Output: Tuple[List[answers], List[answer scores], List[answer places in paragraph]]

[ ]:
odqa_en(["What is the name of Darth Vader's son?"])
[['Luke Skywalker'], [4.196979999542236]]

Russian

[ ]:
from deeppavlov import build_model

odqa_ru = build_model('ru_odqa_infer_wiki', download=True, install=True)
[ ]:
odqa_ru(["Где живут кенгуру?"])
[['на востоке и юге Австралии'], [0.9999760985374451]]

4.2 Predict using CLI

You can also get predictions in an interactive mode through CLI (Сommand Line Interface).

[ ]:
! python -m deeppavlov interact en_odqa_infer_wiki -d

-d is an optional download key (alternative to download=True in Python code). The key -d is used to download the pre-trained model along with embeddings and all other files needed to run the model.

5. Customize the model

5.1 Description of config parameters

Parameters of bpr component:

  • load_path - path with checkpoint of query encoder and bpr index;

  • query_encoder_file - filename of query encoder (Transformer-based model which takes a question as input and obtains its binary embedding);

  • bpr_index - filename with BPR index (matrix of paragraph binary vectors);

  • pretrained_model - Transformer model, used in query encoder;

  • max_query_length - maximal length (in sub-tokens) of the input to the query encoder;

  • top_n - how many paragraph IDs to return per a question.

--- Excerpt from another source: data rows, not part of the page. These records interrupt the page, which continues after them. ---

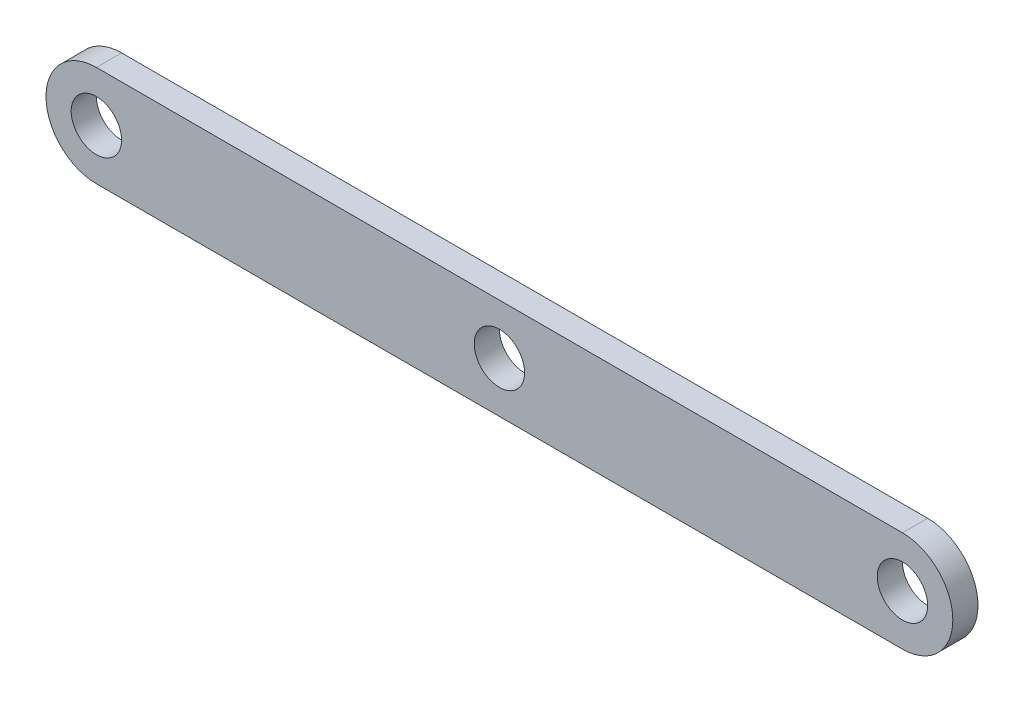
SolidWorks part; units mm, degrees
ref_plane "Front Plane" through (0, 0, 0) normal (0, 0, 1) x (1, 0, 0)
ref_plane "Top Plane" through (0, 0, 0) normal (0, 1, 0) x (1, 0, 0)
ref_plane "Right Plane" through (0, 0, 0) normal (1, 0, 0) x (0, 0, -1)
sketch "Sketch1" plane through (0, 0, 0) normal (0, 0, 1) x (1, 0, 0)
  line L0 (0, 6.35) -> (101.6, 6.35)
  line L1 (0, -6.35) -> (101.6, -6.35)
  arc A0 (0, 6.35) -> (0, -6.35) centre (0, 0) ccw
  arc A1 (101.6, -6.35) -> (101.6, 6.35) centre (101.6, 0) ccw
  circle A2 centre (0, 0) radius 3.175
  circle A3 centre (101.6, 0) radius 3.175
  circle A4 centre (50.8, 0) radius 3.175
  dimension "D1" = 12.7
  dimension "D4" = 6.35
  dimension "D5" = 6.35
  dimension "D6" = 6.35
  dimension "D2" = 101.6
  dimension "D3" = 101.6
extrude "Boss-Extrude1" add sketch "Sketch1" along normal blind 3.175
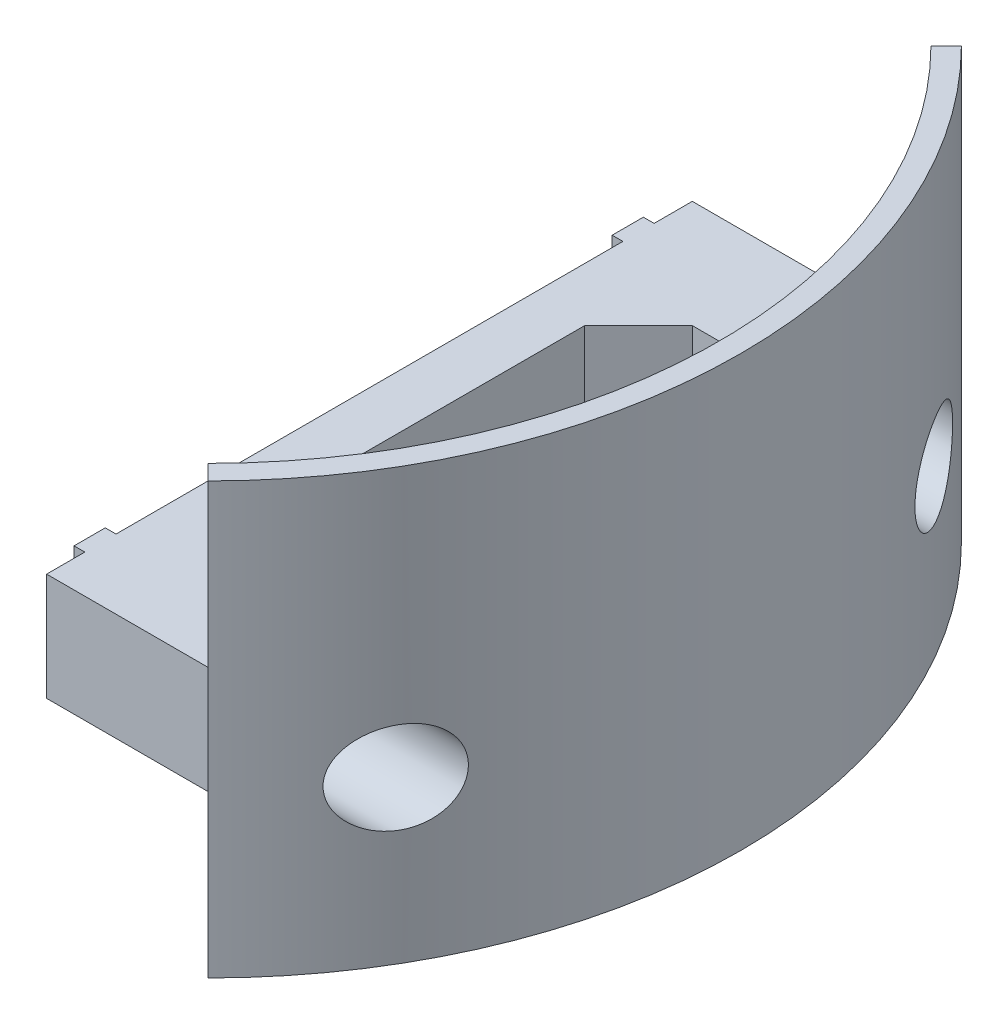
SolidWorks part; units mm, degrees
ref_plane "Front Plane" through (0, 0, 0) normal (0, 0, 1) x (1, 0, 0)
ref_plane "Top Plane" through (0, 0, 0) normal (0, 1, 0) x (1, 0, 0)
ref_plane "Right Plane" through (0, 0, 0) normal (1, 0, 0) x (0, 0, -1)
ref_axis "Axis1" through (0, -0.2847, 0) along (0, 1, 0)
ref_plane "SupportPlain" through (0, 10, 0) normal (0, 1, 0) x (1, 0, 0)
sketch "Sketch1" plane through (0, 0, 0) normal (0, 0, 1) x (1, 0, 0)
  line L0 (49.5, 0) -> (49.5, 40)
  line L5 (49.5, 40) -> (47.5, 40)
  line L6 (47.5, 40) -> (47.5, 0)
  line L7 (47.5, 0) -> (49.5, 0)
  point P9 (48.5, 0)
  dimension "D1" = 40
  dimension "D2" = 2
  dimension "D3" = 49.5
revolve "Main" add sketch "Sketch1" angle 90 mid plane about axis through (0, -0.2847, 0) along (0, 1, 0)
sketch "Sketch2" plane through (0, 10, 0) normal (0, -1, 0) x (-1, 0, 0)
  line L0 (-43.0842, -20) -> (-20, -20)
  line L1 (-36.8273, -30) -> (-15, -30)
  line L2 (-33.5876, -33.5876) -> (-33.5876, 33.5876) construction
  line L9 (-43.0842, 20) -> (-20, 20)
  line L10 (-15, -30) -> (-15, 30)
  line L11 (-15, 30) -> (-36.8273, 30)
  line L13 (-20, 20) -> (-20, -20)
  arc A0 (-43.0842, 20) -> (-36.8273, 30) centre (0, 0) cw
  circle A1 centre (0, 0) radius 50 construction
  arc A2 (-36.8273, -30) -> (-43.0842, -20) centre (0, 0) cw
  circle A3 centre (0, 0) radius 47.5 construction
  point P4 (0, 0)
  point P7 (0, 0)
  point P26 (-15, 0)
  dimension "D7" = 10
  dimension "D4" = 100
  dimension "D1" = 10
  dimension "D2" = 15
  dimension "D3" = 5
  dimension "D8" = 40
extrude "Support" add sketch "Sketch2" against normal blind 10
sketch "Sketch6" plane through (0, 10, 0) normal (0, 1, 0) x (1, 0, 0)
  line L0 (15, -30) -> (15, 30) construction
  line L1 (14, -23.55) -> (15, -23.55)
  line L2 (14, -23.55) -> (14, -26.45)
  line L3 (14, -26.45) -> (15, -26.45)
  line L4 (15, -23.55) -> (15, -26.45)
  line L6 (14, 26.45) -> (15, 26.45)
  line L7 (14, 26.45) -> (14, 23.55)
  line L8 (14, 23.55) -> (15, 23.55)
  line L9 (15, 26.45) -> (15, 23.55)
  line L11 (15, -30) -> (15, 30) construction
  point P10 (15, -30)
  point P13 (15, 30)
  dimension "D1" = 3.55
  dimension "D2" = 2.9
  dimension "D3" = 1
  dimension "D4" = 3.55
extrude "Fix" add sketch "Sketch6" along normal up to surface (10 mm away) up to face at (28.8058, 20, 0)
sketch "Sketch9" plane through (20, 0, 0) normal (1, 0, 0) x (0, 0, -1)
  line L0 (26.45, 10) -> (23.55, 10) construction
  line L1 (30, 20) -> (30, 10) construction
  line L2 (-30, 20) -> (-30, 10) construction
  circle A0 centre (25, 15) radius 1.6
  circle A1 centre (-25, 15) radius 1.6
  dimension "D1" = 3.2
  dimension "D2" = 3.2
  dimension "D3" = 5
  dimension "D4" = 5
  dimension "D5" = 5
extrude "Holes" cut sketch "Sketch9" against normal through all
sketch "Sketch10" plane through (20, 0, 0) normal (1, 0, 0) x (0, 0, -1)
  circle A0 centre (25, 15) radius 4.25
  circle A1 centre (-25, 15) radius 4.25
  arc A2 (23.55, 14.3236) -> (26.45, 14.3236) centre (25, 15) ccw construction
  arc A3 (-26.45, 14.3236) -> (-23.55, 14.3236) centre (-25, 15) ccw construction
  dimension "D1" = 8.5
extrude "BigHoles" cut sketch "Sketch10" along normal through all
sketch "Sketch11" plane through (0, 20, 0) normal (0, 1, 0) x (1, 0, 0)
  line L0 (20, 20) -> (25, 20)
  line L1 (43.0842, 20) -> (20, 20) construction
  line L2 (25, 20) -> (20, 15)
  line L3 (20, 20) -> (20, -20) construction
  line L4 (20, 15) -> (20, 20)
  line L5 (20, -20) -> (20, -15)
  line L6 (20, -15) -> (25, -20)
  line L7 (20, -20) -> (43.0842, -20) construction
  line L8 (25, -20) -> (20, -20)
  line L9 (40.2797, 20) -> (45.2797, 20)
  line L10 (45.2797, 20) -> (45.2797, 15)
  line L11 (45.2797, 15) -> (40.2797, 20)
  line L12 (40.2797, -20) -> (45.2797, -20)
  line L13 (45.2797, -20) -> (45.2797, -14.3527)
  line L14 (45.2797, -14.3527) -> (40.2797, -20)
  arc A0 (35.0018, -35.0018) -> (35.0018, 35.0018) centre (0, 0) ccw construction
  arc A1 (33.5876, -33.5876) -> (33.5876, 33.5876) centre (0, 0) ccw construction
  point P22 (0, 0)
  dimension "D1" = 5
  dimension "D2" = 5
  dimension "D3" = 5
extrude "Boss-Extrude3" add sketch "Sketch11" against normal blind 10
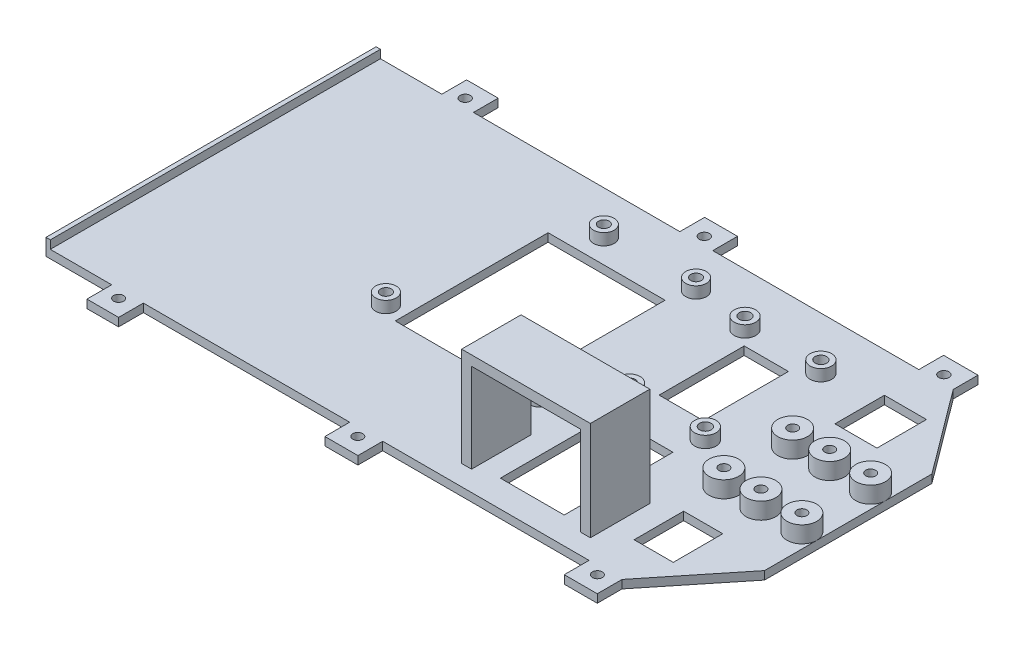
SolidWorks part; units mm, degrees
ref_plane "Front Plane" through (0, 0, 0) normal (0, 0, 1) x (1, 0, 0)
ref_plane "Top Plane" through (0, 0, 0) normal (0, 1, 0) x (1, 0, 0)
ref_plane "Right Plane" through (0, 0, 0) normal (1, 0, 0) x (0, 0, -1)
ref_plane "Plane1" through (0, -17.3323, 0) normal (0, -1, 0) x (-1, 0, 0)
sketch "Sketch2" plane through (0, -17.3323, 0) normal (0, -1, 0) x (-1, 0, 0)
  line L0 (-29.353, -58.531) -> (-29.6746, 41.469) construction
  line L5 (-29.6746, 41.469) -> (-48.6103, 16.0852)
  line L7 (125.2416, 41.469) -> (125.2416, 48.9753)
  line L8 (125.2416, 48.9753) -> (115.6688, 48.9753)
  line L9 (115.6688, 41.469) -> (115.6688, 48.9753)
  line L11 (53.1359, 41.469) -> (53.1359, 48.9753)
  line L12 (53.1359, 48.9753) -> (43.1688, 48.9753)
  line L13 (43.1688, 41.469) -> (43.1688, 48.9753)
  line L15 (-19.2544, 41.469) -> (-19.2544, 48.9753)
  line L16 (-19.2544, 48.9753) -> (-29.6746, 48.9753)
  line L17 (-29.6746, 41.469) -> (-29.6746, 48.9753)
  line L19 (-19.353, -58.531) -> (-19.353, -66.0361)
  line L20 (-19.353, -66.0361) -> (-29.353, -66.0361)
  line L21 (-29.353, -58.531) -> (-29.353, -66.0361)
  line L22 (-29.353, -58.531) -> (-48.6103, -34.6136)
  line L24 (53.147, -58.531) -> (53.147, -66.0361)
  line L25 (53.147, -66.0361) -> (43.147, -66.0361)
  line L26 (43.147, -58.531) -> (43.147, -66.0361)
  line L27 (53.147, -58.531) -> (115.647, -58.531)
  line L29 (125.2416, -58.531) -> (125.2416, -66.0361)
  line L30 (125.2416, -66.0361) -> (115.647, -66.0361)
  line L31 (115.647, -58.531) -> (115.647, -66.0361)
  line L32 (-19.353, -58.531) -> (43.147, -58.531)
  line L33 (-19.2544, 41.469) -> (43.1688, 41.469)
  line L34 (53.1359, 41.469) -> (115.6688, 41.469)
  line L37 (-48.6103, -34.6136) -> (-48.6103, 16.0852)
  line L38 (125.2416, 41.469) -> (145.1434, 41.469)
  line L39 (145.1434, 41.469) -> (145.1434, -58.531)
  line L40 (145.1434, -58.531) -> (125.2416, -58.531)
extrude "Boss-Extrude1" add sketch "Sketch2" against normal blind 2.5
sketch "Sketch24" plane through (0, -14.8323, 0) normal (0, 1, 0) x (1, 0, 0)
  circle A0 centre (-120.6315, 43.9363) radius 1.5346
  circle A1 centre (-48.1932, 43.9363) radius 1.5397
  circle A2 centre (24.3749, 43.9363) radius 1.5351
  circle A3 centre (24.3749, -61.0358) radius 1.5073
  circle A4 centre (-48.1932, -61.0358) radius 1.5018
  circle A5 centre (-120.6315, -61.0358) radius 1.5067
extrude "Cut-Extrude7" cut sketch "Sketch24" against normal through all both and the other way through all
sketch "Sketch28" plane through (0, -14.8323, 0) normal (0, 1, 0) x (1, 0, 0)
  line L0 (48.6103, -34.6136) -> (32.2778, -34.6136) construction
  line L1 (48.6103, 16.0852) -> (32.2778, 16.0852) construction
  line L3 (32.2778, -34.6136) -> (32.2778, 16.0852) construction
  line L4 (37.8914, -34.6136) -> (37.8914, 16.0852) construction
  circle A0 centre (44.0951, -18.794) radius 1.5 construction
  circle A1 centre (44.0951, 2.034) radius 1.5 construction
  circle A2 centre (44.0951, -18.794) radius 1.5
  circle A3 centre (44.0951, 2.034) radius 1.5
  circle A4 centre (44.0951, -18.794) radius 4.5
  circle A5 centre (44.0951, 2.034) radius 4.5
  circle A6 centre (31.6878, 2.034) radius 1.5
  circle A7 centre (31.6878, 2.034) radius 4.5
  circle A8 centre (31.6878, -18.794) radius 4.5
  circle A9 centre (31.6878, -18.794) radius 1.5
  circle A10 centre (20.4604, 2.034) radius 4.5
  circle A11 centre (20.4604, 2.034) radius 1.5
  circle A12 centre (20.4604, -18.794) radius 1.5
  circle A13 centre (20.4604, -18.794) radius 4.5
  dimension "D1" = 3
extrude "Boss-Extrude4" add sketch "Sketch28" along normal blind 5
sketch "Sketch29" plane through (0, -14.8323, 0) normal (0, 1, 0) x (1, 0, 0)
  circle A0 centre (44.0951, -18.794) radius 1.5 construction
  circle A1 centre (44.0951, -18.794) radius 1.5
  circle A2 centre (44.0951, 2.034) radius 1.5 construction
  circle A3 centre (44.0951, 2.034) radius 1.5
  circle A4 centre (20.4604, -18.794) radius 1.5 construction
  circle A5 centre (20.4604, 2.034) radius 1.5 construction
  circle A6 centre (31.6878, 2.034) radius 1.5 construction
  circle A7 centre (31.6878, -18.794) radius 1.5 construction
  circle A8 centre (20.4604, -18.794) radius 1.5
  circle A9 centre (20.4604, 2.034) radius 1.5
  circle A10 centre (31.6878, 2.034) radius 1.5
  circle A11 centre (31.6878, -18.794) radius 1.5
extrude "Cut-Extrude10" cut sketch "Sketch29" against normal through all both and the other way through all
sketch "Sketch30" plane through (0, -14.8323, 0) normal (0, 1, 0) x (1, 0, 0)
  line L0 (-24.3623, -35.4062) -> (-24.3623, -51.4062) construction
  line L1 (-24.3623, -51.4062) -> (12.6377, -51.4062) construction
  line L2 (12.6377, -51.4062) -> (12.6377, -35.4062) construction
  line L3 (12.6377, -35.4062) -> (-24.3623, -35.4062) construction
  line L4 (-24.3623, -35.4062) -> (-24.3623, -51.4062) construction
  line L5 (-24.3623, -51.4062) -> (12.6377, -51.4062) construction
  line L6 (12.6377, -51.4062) -> (12.6377, -35.4062) construction
  line L7 (12.6377, -35.4062) -> (-24.3623, -35.4062) construction
  line L8 (13.6377, -34.4062) -> (-25.3623, -34.4062)
  line L9 (-25.3623, -34.4062) -> (-25.3623, -52.4062)
  line L10 (-25.3623, -52.4062) -> (13.6377, -52.4062)
  line L11 (13.6377, -52.4062) -> (13.6377, -34.4062)
  dimension "D1" = 1
extrude "Boss-Extrude5" add sketch "Sketch30" along normal blind 30
sketch "Sketch31" plane through (0, 0, 34.4062) normal (0, 0, -1) x (-1, 0, 0)
  line L4 (-10.6377, -11.8323) -> (-10.6377, -14.8323)
  line L5 (-13.6377, -14.8323) -> (25.3623, -14.8323) construction
  line L6 (-10.6377, -14.8323) -> (22.3623, -14.8323)
  line L7 (22.3623, -14.8323) -> (22.3623, -11.8323)
  line L8 (-10.6377, -11.8323) -> (22.3623, -11.8323)
  line L9 (22.3623, -11.8323) -> (22.3623, 12.1677)
  line L10 (22.3623, 12.1677) -> (-10.6377, 12.1677)
  line L11 (-10.6377, 12.1677) -> (-10.6377, -11.8323)
  line L13 (22.3623, -11.8323) -> (22.3623, 12.1677)
  line L14 (22.3623, 12.1677) -> (-10.6377, 12.1677)
  line L15 (-10.6377, 12.1677) -> (-10.6377, -11.8323)
  dimension "D1" = 3
extrude "Cut-Extrude11" cut sketch "Sketch31" against normal through all
sketch "Sketch32" plane through (0, -14.8323, 0) normal (0, 1, 0) x (1, 0, 0)
  circle A0 centre (-30.4151, -23.529) radius 1.6192 construction
  circle A1 centre (-78.3322, -22.386) radius 1.6193 construction
  circle A2 centre (-63.0922, 28.4013) radius 1.6193 construction
  circle A3 centre (-35.1649, 28.4013) radius 1.6193 construction
  circle A4 centre (5.365, -9.304) radius 1.75 construction
  circle A5 centre (-17.635, -9.304) radius 1.7551 construction
  circle A6 centre (-17.635, 25.696) radius 1.7551 construction
  circle A7 centre (5.365, 25.696) radius 1.75 construction
  circle A8 centre (-30.4151, -23.529) radius 1.6192
  circle A9 centre (-78.3322, -22.386) radius 1.6193
  circle A10 centre (-63.0922, 28.4013) radius 1.6193
  circle A11 centre (-35.1649, 28.4013) radius 1.6193
  circle A12 centre (5.365, -9.304) radius 1.75
  circle A13 centre (-17.635, -9.304) radius 1.7551
  circle A14 centre (-17.635, 25.696) radius 1.7551
  circle A15 centre (5.365, 25.696) radius 1.75
  circle A16 centre (-78.3322, -22.386) radius 3.1193
  circle A17 centre (-63.0922, 28.4013) radius 3.1193
  circle A18 centre (-35.1649, 28.4013) radius 3.1193
  circle A19 centre (-30.4151, -23.529) radius 3.1193
  circle A20 centre (5.365, 25.696) radius 3.25
  circle A21 centre (5.365, -9.304) radius 3.25
  circle A22 centre (-17.635, -9.304) radius 3.2551
  circle A23 centre (-17.635, 25.696) radius 3.2551
  dimension "D1" = 1.5
extrude "Boss-Extrude6" add sketch "Sketch32" along normal blind 3.5
sketch "Sketch33" plane through (0, -14.8323, 0) normal (0, 1, 0) x (1, 0, 0)
  circle A0 centre (-17.635, 25.696) radius 1.7551 construction
  circle A1 centre (-17.635, -9.304) radius 1.7551 construction
  circle A2 centre (5.365, -9.304) radius 1.75 construction
  circle A3 centre (5.365, 25.696) radius 1.75 construction
  circle A4 centre (-78.3322, -22.386) radius 1.6193 construction
  circle A5 centre (-63.0922, 28.4013) radius 1.6193 construction
  circle A6 centre (-35.1649, 28.4013) radius 1.6193 construction
  circle A7 centre (-30.4151, -23.529) radius 1.6192 construction
  circle A8 centre (-17.635, 25.696) radius 1.7551
  circle A9 centre (-17.635, -9.304) radius 1.7551
  circle A10 centre (5.365, -9.304) radius 1.75
  circle A11 centre (5.365, 25.696) radius 1.75
  circle A12 centre (-78.3322, -22.386) radius 1.6193
  circle A13 centre (-63.0922, 28.4013) radius 1.6193
  circle A14 centre (-35.1649, 28.4013) radius 1.6193
  circle A15 centre (-30.4151, -23.529) radius 1.6192
extrude "Cut-Extrude12" cut sketch "Sketch33" against normal through all both and the other way through all
sketch "Sketch34" plane through (0, -14.8323, 0) normal (0, 1, 0) x (1, 0, 0)
  line L0 (20.7736, -31.294) -> (20.7736, 35.3194) construction
  line L1 (-72.8024, -25.0648) -> (-37.3773, -25.0648)
  line L2 (-72.8024, -25.0648) -> (-72.8024, 21.2295)
  line L3 (-72.8024, 21.2295) -> (-37.3773, 21.2295)
  line L4 (-37.3773, -25.0648) -> (-37.3773, 21.2295)
  line L5 (-13.3947, -4.5608) -> (0, -4.5608)
  line L6 (-13.3947, -4.5608) -> (-13.3947, 21.2295)
  line L7 (-13.3947, 21.2295) -> (0, 21.2295)
  line L8 (0, -4.5608) -> (0, 21.2295)
  line L9 (-15.6494, -17.4545) -> (3.6937, -17.4545)
  line L10 (-15.6494, -17.4545) -> (-15.6494, -50.3918)
  line L11 (-15.6494, -50.3918) -> (3.6937, -50.3918)
  line L12 (3.6937, -17.4545) -> (3.6937, -50.3918)
  line L13 (20.7736, 14.534) -> (33.5059, 14.534)
  line L14 (20.7736, 14.534) -> (20.7736, 29.534)
  line L15 (20.7736, 29.534) -> (33.5059, 29.534)
  line L16 (33.5059, 14.534) -> (33.5059, 29.534)
  line L17 (20.7736, -46.294) -> (32.6293, -46.294)
  line L18 (20.7736, -46.294) -> (20.7736, -31.294)
  line L19 (20.7736, -31.294) -> (32.6293, -31.294)
  line L20 (32.6293, -46.294) -> (32.6293, -31.294)
  circle A0 centre (31.6878, -18.794) radius 4.5 construction
  circle A1 centre (31.6878, 2.034) radius 4.5 construction
  dimension "D1" = 15
  dimension "D2" = 15
  dimension "D3" = 12.5
  dimension "D4" = 12.5
extrude "Cut-Extrude13" cut sketch "Sketch34" against normal through all
sketch "Sketch35" plane through (0, -14.8323, 0) normal (0, 1, 0) x (1, 0, 0)
  line L0 (-145.1434, 41.469) -> (-125.2416, 41.469) construction
  line L1 (-145.1434, -58.531) -> (-143.8349, -58.531)
  line L2 (-145.1434, -58.531) -> (-145.1434, 41.469)
  line L3 (-145.1434, 41.469) -> (-143.8349, 41.469)
  line L4 (-143.8349, -58.531) -> (-143.8349, 41.469)
extrude "Boss-Extrude7" add sketch "Sketch35" along normal blind 2.5

Parameters of tfidf_ranker component:

  • top_n - how many paragraph IDs to return per a question.

Parameters of logit_ranker component:

  • batch_size - the paragraphs from the database (some of which contain the answer to the question, others - do not contain) will be split into batches with the size batch_size for extraction of candidate answer in each paragraph;

  • squad_model - the model which finds spans of an answer in a paragraph;

  • sort_noans - whether to put paragraphs with no answer in the end of paragraph list, sorted by confidences;

  • top_n - the number of possible answers for a question;

  • return_answer_sentence - whether to return the sentence from the paragraph with the answer.

5.2 Building the index and training the reader model

There are two customizable components in ODQA configs:

  • TF-IDF ranker;

  • Reading comprehension model.

If you would like to build the TF-IDF index for your own text database, read here.

In addition, to train the Reader on your data, read here.